WHAT YOU ARE ASKED TO DO
Once you find the line with "Ideal Torque Sensor : fl_lib/Mechanical/Mechanical" in the data that follows, repeat it and every line after it exactly, through the line with "alike) : nesl_utility/PS-Simulink".

Entries taken from a collection:
※
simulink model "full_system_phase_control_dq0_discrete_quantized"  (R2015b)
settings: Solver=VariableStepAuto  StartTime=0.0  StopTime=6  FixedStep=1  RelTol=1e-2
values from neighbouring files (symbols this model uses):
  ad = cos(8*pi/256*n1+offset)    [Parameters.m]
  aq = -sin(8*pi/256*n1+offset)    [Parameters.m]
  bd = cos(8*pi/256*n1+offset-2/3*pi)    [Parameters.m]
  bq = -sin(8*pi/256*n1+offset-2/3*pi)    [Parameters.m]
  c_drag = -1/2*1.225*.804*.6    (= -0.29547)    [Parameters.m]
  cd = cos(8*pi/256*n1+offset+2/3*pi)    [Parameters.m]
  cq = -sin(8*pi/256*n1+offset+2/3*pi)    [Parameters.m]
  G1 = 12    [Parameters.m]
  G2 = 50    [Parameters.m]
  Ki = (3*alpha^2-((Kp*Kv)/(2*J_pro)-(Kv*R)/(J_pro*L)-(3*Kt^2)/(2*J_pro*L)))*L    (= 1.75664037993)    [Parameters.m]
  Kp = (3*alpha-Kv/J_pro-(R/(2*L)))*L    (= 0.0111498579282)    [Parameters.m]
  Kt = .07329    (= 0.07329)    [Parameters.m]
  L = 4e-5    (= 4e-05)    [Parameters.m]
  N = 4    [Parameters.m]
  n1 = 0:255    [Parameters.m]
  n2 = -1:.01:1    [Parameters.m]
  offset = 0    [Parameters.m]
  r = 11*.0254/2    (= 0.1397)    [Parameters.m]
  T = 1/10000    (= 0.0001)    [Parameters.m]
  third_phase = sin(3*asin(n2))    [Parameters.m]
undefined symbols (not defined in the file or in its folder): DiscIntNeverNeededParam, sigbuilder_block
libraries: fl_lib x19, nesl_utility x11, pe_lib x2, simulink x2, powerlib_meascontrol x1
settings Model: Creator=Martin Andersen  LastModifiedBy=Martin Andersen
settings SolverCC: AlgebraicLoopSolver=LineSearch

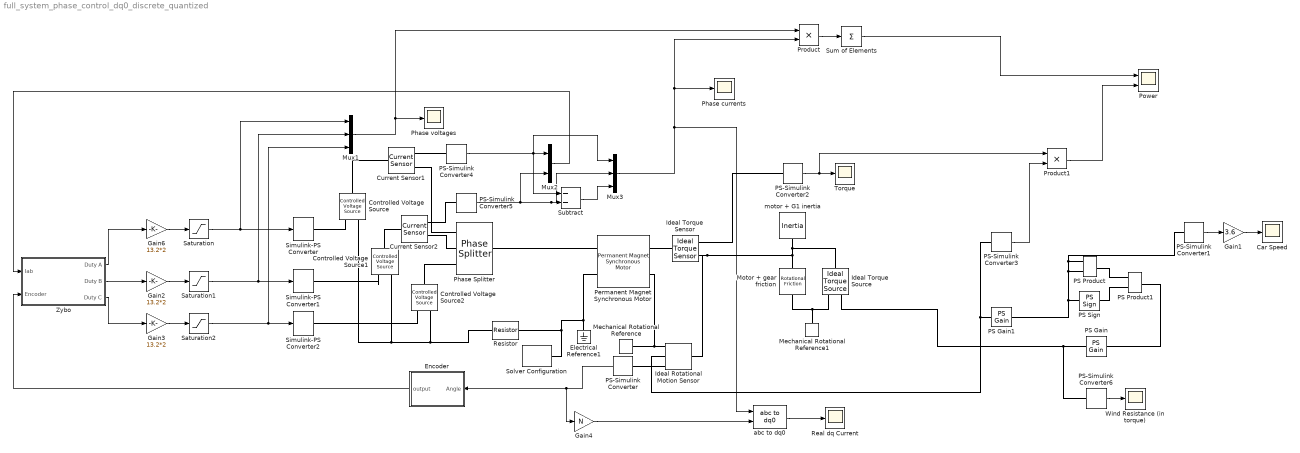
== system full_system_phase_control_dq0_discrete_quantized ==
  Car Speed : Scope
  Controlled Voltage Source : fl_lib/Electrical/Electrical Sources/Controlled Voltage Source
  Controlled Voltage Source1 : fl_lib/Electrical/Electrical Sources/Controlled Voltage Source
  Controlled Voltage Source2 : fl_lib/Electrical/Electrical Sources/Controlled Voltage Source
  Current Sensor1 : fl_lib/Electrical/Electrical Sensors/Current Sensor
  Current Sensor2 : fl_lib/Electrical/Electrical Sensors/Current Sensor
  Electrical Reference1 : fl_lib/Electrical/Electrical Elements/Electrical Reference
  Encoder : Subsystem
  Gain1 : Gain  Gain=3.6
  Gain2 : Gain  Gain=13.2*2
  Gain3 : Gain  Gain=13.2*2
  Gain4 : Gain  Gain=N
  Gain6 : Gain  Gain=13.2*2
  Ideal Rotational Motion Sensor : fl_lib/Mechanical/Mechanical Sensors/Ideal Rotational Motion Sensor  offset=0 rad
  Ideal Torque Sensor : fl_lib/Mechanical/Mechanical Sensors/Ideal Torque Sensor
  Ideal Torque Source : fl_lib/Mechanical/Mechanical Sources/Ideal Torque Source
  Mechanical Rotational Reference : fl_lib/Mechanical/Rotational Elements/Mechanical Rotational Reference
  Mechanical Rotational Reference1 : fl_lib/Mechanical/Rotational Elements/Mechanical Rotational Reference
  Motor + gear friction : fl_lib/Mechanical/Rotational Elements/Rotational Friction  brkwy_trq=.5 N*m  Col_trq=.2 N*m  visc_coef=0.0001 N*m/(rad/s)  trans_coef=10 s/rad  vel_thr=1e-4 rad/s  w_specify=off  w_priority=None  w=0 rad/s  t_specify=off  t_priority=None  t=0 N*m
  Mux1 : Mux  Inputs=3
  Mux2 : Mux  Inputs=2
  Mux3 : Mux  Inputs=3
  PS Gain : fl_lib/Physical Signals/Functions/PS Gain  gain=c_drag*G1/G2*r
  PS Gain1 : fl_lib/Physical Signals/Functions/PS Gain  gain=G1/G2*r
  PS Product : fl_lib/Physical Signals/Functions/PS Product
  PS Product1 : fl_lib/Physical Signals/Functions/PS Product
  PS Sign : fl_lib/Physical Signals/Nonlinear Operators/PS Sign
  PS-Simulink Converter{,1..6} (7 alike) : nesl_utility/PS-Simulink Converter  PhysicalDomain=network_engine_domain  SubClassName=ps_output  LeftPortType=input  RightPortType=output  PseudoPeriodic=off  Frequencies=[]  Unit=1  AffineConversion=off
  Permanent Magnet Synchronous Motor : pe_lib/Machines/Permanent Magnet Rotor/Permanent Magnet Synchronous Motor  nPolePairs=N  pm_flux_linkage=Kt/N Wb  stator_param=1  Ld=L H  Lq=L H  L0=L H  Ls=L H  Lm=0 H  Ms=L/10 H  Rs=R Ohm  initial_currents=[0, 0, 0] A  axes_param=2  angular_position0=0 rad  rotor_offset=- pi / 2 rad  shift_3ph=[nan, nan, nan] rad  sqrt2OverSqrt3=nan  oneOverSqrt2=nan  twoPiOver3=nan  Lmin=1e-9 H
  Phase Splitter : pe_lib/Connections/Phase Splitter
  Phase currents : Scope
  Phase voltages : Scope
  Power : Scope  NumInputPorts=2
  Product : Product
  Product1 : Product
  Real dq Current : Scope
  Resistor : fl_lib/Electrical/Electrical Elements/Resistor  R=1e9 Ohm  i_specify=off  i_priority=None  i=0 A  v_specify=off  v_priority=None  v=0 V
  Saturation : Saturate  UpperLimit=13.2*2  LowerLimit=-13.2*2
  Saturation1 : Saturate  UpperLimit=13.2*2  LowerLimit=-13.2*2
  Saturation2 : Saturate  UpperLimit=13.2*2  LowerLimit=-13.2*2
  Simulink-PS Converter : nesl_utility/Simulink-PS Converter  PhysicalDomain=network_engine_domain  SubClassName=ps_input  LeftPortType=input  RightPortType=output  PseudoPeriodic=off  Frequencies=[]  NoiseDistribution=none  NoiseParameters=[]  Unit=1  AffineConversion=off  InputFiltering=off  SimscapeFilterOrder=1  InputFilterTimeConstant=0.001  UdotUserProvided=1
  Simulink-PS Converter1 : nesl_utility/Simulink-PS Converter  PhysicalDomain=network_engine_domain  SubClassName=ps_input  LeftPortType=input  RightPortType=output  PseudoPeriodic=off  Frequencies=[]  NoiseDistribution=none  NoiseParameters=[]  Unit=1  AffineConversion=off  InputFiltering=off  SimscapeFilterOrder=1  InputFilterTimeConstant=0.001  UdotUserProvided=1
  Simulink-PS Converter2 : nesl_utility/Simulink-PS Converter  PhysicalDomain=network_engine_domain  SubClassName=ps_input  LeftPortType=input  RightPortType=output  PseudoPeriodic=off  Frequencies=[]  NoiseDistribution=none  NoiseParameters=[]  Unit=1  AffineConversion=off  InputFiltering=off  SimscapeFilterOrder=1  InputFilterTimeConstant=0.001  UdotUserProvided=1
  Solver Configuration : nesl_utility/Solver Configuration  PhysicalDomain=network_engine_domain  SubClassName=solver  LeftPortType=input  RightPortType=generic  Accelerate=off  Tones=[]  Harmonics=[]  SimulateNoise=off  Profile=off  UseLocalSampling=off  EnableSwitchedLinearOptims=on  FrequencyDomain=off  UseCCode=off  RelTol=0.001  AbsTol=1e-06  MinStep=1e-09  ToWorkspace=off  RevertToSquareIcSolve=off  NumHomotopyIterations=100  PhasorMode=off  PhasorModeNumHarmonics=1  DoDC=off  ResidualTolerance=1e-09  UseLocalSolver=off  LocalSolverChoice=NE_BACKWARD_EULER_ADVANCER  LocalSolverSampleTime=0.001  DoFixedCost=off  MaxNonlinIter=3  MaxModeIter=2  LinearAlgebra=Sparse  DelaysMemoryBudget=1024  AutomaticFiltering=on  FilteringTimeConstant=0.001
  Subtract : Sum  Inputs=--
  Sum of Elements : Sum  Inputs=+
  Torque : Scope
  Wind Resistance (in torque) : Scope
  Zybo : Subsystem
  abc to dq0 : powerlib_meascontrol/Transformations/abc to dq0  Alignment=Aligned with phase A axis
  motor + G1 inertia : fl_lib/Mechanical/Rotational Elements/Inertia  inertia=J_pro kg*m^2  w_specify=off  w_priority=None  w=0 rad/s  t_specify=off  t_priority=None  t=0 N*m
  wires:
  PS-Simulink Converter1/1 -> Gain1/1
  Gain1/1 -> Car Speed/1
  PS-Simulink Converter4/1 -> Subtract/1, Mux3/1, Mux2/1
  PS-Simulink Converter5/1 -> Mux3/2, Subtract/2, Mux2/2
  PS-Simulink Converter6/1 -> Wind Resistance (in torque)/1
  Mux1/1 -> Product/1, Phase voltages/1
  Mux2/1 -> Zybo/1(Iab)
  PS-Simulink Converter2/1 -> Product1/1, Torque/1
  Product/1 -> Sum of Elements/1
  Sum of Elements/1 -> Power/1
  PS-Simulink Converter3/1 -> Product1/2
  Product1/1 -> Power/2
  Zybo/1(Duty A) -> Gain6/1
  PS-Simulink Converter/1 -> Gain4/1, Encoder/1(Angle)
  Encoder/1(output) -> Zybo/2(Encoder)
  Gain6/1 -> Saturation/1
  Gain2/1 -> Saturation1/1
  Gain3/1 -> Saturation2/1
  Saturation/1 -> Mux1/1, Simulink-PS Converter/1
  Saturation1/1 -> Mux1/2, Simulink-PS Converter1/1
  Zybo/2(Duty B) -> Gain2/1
※
RESULT BELOW
  Ideal Torque Sensor : fl_lib/Mechanical/Mechanical Sensors/Ideal Torque Sensor
  Ideal Torque Source : fl_lib/Mechanical/Mechanical Sources/Ideal Torque Source
  Mechanical Rotational Reference : fl_lib/Mechanical/Rotational Elements/Mechanical Rotational Reference
  Mechanical Rotational Reference1 : fl_lib/Mechanical/Rotational Elements/Mechanical Rotational Reference
  Motor + gear friction : fl_lib/Mechanical/Rotational Elements/Rotational Friction  brkwy_trq=.5 N*m  Col_trq=.2 N*m  visc_coef=0.0001 N*m/(rad/s)  trans_coef=10 s/rad  vel_thr=1e-4 rad/s  w_specify=off  w_priority=None  w=0 rad/s  t_specify=off  t_priority=None  t=0 N*m
  Mux1 : Mux  Inputs=3
  Mux2 : Mux  Inputs=2
  Mux3 : Mux  Inputs=3
  PS Gain : fl_lib/Physical Signals/Functions/PS Gain  gain=c_drag*G1/G2*r
  PS Gain1 : fl_lib/Physical Signals/Functions/PS Gain  gain=G1/G2*r
  PS Product : fl_lib/Physical Signals/Functions/PS Product
  PS Product1 : fl_lib/Physical Signals/Functions/PS Product
  PS Sign : fl_lib/Physical Signals/Nonlinear Operators/PS Sign
  PS-Simulink Converter{,1..6} (7 alike) : nesl_utility/PS-Simulink Converter  PhysicalDomain=network_engine_domain  SubClassName=ps_output  LeftPortType=input  RightPortType=output  PseudoPeriodic=off  Frequencies=[]  Unit=1  AffineConversion=off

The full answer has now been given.